YOUR ASSIGNMENT
The entries below contain a line with "dsmpb_private('dsmpb_mdlclblib', 'PreSave', bdroot);" and a line with "dsmpb_private('dsmpb_mdlclblib', 'Close', bdroot);". Quote exactly those two lines and all lines between them.

Stored dataset items:

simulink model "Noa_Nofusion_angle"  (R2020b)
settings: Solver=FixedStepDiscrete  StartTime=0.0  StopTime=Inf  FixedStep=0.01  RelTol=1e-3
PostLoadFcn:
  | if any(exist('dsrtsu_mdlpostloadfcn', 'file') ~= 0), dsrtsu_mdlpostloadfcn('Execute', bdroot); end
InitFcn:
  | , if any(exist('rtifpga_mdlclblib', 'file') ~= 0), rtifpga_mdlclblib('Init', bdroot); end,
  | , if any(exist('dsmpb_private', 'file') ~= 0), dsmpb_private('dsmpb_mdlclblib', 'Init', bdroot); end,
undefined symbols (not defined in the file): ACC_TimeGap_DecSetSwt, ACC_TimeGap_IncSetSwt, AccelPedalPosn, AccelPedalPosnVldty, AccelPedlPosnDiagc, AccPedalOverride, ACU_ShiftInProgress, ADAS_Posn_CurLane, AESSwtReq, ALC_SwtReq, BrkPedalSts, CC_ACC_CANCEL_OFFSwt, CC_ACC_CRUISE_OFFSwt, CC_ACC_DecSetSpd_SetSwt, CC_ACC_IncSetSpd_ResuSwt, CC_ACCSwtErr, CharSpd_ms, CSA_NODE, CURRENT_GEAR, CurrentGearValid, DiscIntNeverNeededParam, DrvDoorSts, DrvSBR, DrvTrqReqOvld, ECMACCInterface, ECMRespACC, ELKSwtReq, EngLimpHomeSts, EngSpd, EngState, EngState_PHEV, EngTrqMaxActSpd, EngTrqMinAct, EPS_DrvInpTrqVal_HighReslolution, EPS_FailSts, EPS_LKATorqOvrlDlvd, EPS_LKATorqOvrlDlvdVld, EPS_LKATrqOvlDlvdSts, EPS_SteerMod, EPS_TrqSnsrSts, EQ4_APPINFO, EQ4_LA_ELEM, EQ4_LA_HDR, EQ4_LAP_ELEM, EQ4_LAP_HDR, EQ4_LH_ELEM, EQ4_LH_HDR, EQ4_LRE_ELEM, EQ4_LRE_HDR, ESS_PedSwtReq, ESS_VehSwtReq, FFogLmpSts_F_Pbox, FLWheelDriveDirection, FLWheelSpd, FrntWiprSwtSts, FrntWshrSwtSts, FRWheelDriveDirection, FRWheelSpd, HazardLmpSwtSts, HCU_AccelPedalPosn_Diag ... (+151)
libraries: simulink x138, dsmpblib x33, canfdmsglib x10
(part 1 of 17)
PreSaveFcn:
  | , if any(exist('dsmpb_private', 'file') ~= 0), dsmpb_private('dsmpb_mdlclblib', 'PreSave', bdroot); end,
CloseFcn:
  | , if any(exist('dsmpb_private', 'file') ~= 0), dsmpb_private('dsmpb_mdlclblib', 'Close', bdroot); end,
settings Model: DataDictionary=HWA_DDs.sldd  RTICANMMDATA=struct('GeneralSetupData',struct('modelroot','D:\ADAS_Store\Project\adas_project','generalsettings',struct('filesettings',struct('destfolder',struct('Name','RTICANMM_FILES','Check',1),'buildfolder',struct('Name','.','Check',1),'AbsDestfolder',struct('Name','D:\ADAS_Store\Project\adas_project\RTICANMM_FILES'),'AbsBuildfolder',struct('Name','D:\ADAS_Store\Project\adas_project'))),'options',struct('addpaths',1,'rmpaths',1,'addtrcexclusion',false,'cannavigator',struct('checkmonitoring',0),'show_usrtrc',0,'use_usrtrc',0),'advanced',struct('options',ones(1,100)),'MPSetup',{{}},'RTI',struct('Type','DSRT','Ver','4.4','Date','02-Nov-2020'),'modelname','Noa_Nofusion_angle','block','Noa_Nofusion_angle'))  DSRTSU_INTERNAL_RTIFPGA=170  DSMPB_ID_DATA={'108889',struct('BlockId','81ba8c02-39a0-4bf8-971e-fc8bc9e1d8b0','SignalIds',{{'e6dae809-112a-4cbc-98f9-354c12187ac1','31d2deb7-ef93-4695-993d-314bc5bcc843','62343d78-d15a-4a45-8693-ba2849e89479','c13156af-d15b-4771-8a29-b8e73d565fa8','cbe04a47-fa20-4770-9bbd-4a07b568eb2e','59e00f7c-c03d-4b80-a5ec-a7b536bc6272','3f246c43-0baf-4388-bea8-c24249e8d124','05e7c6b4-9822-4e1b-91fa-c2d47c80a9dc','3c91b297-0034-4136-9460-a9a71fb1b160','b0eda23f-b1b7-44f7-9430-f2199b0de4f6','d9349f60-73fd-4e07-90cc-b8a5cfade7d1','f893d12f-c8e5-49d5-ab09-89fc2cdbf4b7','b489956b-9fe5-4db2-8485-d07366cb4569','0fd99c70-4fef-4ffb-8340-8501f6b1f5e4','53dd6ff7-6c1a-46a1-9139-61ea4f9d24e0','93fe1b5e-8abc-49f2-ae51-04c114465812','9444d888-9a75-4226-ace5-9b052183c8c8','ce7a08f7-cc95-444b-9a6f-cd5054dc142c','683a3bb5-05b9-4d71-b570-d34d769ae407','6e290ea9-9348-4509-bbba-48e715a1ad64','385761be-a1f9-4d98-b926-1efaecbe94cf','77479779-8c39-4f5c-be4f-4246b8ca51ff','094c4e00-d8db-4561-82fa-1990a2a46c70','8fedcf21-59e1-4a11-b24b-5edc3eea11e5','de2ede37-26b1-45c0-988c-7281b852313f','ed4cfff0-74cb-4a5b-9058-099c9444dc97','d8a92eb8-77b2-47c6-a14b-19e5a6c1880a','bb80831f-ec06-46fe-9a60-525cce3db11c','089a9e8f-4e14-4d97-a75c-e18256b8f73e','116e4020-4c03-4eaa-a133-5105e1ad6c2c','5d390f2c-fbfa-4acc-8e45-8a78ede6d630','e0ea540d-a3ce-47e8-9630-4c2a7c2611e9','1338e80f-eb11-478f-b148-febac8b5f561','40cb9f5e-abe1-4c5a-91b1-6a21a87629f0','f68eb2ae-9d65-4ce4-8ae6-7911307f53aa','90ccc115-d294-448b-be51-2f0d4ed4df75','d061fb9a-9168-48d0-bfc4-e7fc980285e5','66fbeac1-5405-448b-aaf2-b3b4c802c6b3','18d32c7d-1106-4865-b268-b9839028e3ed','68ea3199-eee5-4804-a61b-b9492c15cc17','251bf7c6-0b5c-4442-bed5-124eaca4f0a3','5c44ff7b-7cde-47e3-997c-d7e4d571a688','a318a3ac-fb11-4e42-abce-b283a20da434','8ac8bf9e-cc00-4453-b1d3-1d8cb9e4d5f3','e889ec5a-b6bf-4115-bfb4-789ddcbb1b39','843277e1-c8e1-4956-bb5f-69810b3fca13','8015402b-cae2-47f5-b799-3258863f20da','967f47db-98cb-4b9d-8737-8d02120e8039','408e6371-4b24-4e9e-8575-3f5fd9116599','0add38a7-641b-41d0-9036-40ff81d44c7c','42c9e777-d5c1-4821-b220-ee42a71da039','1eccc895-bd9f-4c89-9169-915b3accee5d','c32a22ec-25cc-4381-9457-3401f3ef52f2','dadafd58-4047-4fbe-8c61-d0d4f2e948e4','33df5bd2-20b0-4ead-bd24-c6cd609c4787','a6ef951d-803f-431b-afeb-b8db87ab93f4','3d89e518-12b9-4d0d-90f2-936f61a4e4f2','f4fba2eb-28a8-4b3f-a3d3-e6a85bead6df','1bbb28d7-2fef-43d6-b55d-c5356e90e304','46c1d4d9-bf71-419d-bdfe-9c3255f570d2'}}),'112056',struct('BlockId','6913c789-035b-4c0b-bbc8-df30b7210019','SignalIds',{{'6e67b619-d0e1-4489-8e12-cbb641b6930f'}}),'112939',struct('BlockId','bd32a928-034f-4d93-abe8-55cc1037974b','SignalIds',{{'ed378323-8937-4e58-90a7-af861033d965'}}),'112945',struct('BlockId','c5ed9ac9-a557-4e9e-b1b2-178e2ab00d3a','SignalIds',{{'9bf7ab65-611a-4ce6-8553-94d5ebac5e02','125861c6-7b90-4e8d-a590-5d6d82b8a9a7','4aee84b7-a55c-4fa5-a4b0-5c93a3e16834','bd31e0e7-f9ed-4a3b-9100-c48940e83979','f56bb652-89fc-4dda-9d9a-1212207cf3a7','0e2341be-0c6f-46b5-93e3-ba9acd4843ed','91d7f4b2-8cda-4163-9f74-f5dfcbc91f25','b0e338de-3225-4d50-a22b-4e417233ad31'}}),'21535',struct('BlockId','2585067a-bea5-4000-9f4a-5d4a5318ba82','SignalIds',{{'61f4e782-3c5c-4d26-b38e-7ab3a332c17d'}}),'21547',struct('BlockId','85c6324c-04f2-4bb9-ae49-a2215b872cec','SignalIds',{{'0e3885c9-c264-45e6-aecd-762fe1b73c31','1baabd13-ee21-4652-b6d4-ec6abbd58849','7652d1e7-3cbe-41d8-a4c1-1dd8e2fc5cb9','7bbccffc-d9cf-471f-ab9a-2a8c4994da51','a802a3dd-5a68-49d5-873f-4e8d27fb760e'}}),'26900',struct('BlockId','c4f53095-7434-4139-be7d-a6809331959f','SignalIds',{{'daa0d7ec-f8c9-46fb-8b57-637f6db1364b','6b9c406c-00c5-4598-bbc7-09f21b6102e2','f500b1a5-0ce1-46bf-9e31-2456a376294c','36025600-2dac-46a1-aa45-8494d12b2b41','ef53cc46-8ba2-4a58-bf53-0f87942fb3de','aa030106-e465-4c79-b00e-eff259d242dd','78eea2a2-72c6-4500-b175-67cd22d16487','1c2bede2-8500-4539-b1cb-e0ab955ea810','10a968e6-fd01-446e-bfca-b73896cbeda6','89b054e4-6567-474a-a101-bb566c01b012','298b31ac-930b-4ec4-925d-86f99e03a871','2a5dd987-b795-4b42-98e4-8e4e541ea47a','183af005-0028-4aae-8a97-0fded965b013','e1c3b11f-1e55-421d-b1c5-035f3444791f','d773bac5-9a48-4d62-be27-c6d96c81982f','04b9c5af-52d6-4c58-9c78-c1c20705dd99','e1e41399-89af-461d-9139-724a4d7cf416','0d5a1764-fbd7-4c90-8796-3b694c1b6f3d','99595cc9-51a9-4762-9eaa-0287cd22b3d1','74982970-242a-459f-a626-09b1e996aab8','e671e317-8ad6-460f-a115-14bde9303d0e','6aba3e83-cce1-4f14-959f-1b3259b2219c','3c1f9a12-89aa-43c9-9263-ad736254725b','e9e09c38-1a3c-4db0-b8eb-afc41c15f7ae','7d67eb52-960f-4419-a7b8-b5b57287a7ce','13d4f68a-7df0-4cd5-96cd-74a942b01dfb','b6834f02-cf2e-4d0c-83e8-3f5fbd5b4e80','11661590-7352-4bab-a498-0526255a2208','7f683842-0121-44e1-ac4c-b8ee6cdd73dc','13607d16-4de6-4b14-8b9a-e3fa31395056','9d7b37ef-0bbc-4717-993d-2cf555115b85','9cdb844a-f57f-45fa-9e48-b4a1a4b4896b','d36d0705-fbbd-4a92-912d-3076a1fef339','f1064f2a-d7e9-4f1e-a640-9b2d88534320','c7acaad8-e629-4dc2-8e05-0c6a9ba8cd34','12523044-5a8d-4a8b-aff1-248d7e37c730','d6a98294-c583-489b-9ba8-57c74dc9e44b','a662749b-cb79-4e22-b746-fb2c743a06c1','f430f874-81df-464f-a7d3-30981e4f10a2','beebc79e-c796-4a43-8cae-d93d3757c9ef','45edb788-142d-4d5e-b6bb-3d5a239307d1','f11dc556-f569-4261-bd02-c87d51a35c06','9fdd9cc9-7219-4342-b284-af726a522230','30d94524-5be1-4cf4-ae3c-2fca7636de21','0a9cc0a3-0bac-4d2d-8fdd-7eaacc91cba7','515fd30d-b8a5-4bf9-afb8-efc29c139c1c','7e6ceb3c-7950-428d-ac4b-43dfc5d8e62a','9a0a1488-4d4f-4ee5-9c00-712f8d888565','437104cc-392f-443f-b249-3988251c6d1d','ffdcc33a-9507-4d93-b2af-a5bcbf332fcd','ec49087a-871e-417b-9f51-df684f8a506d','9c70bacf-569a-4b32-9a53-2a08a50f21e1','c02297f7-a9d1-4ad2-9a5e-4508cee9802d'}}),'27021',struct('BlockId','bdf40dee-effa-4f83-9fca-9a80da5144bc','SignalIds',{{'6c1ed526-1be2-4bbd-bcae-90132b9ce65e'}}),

EXERCISE RESULT
  | , if any(exist('dsmpb_private', 'file') ~= 0), dsmpb_private('dsmpb_mdlclblib', 'PreSave', bdroot); end,
CloseFcn:
  | , if any(exist('dsmpb_private', 'file') ~= 0), dsmpb_private('dsmpb_mdlclblib', 'Close', bdroot); end,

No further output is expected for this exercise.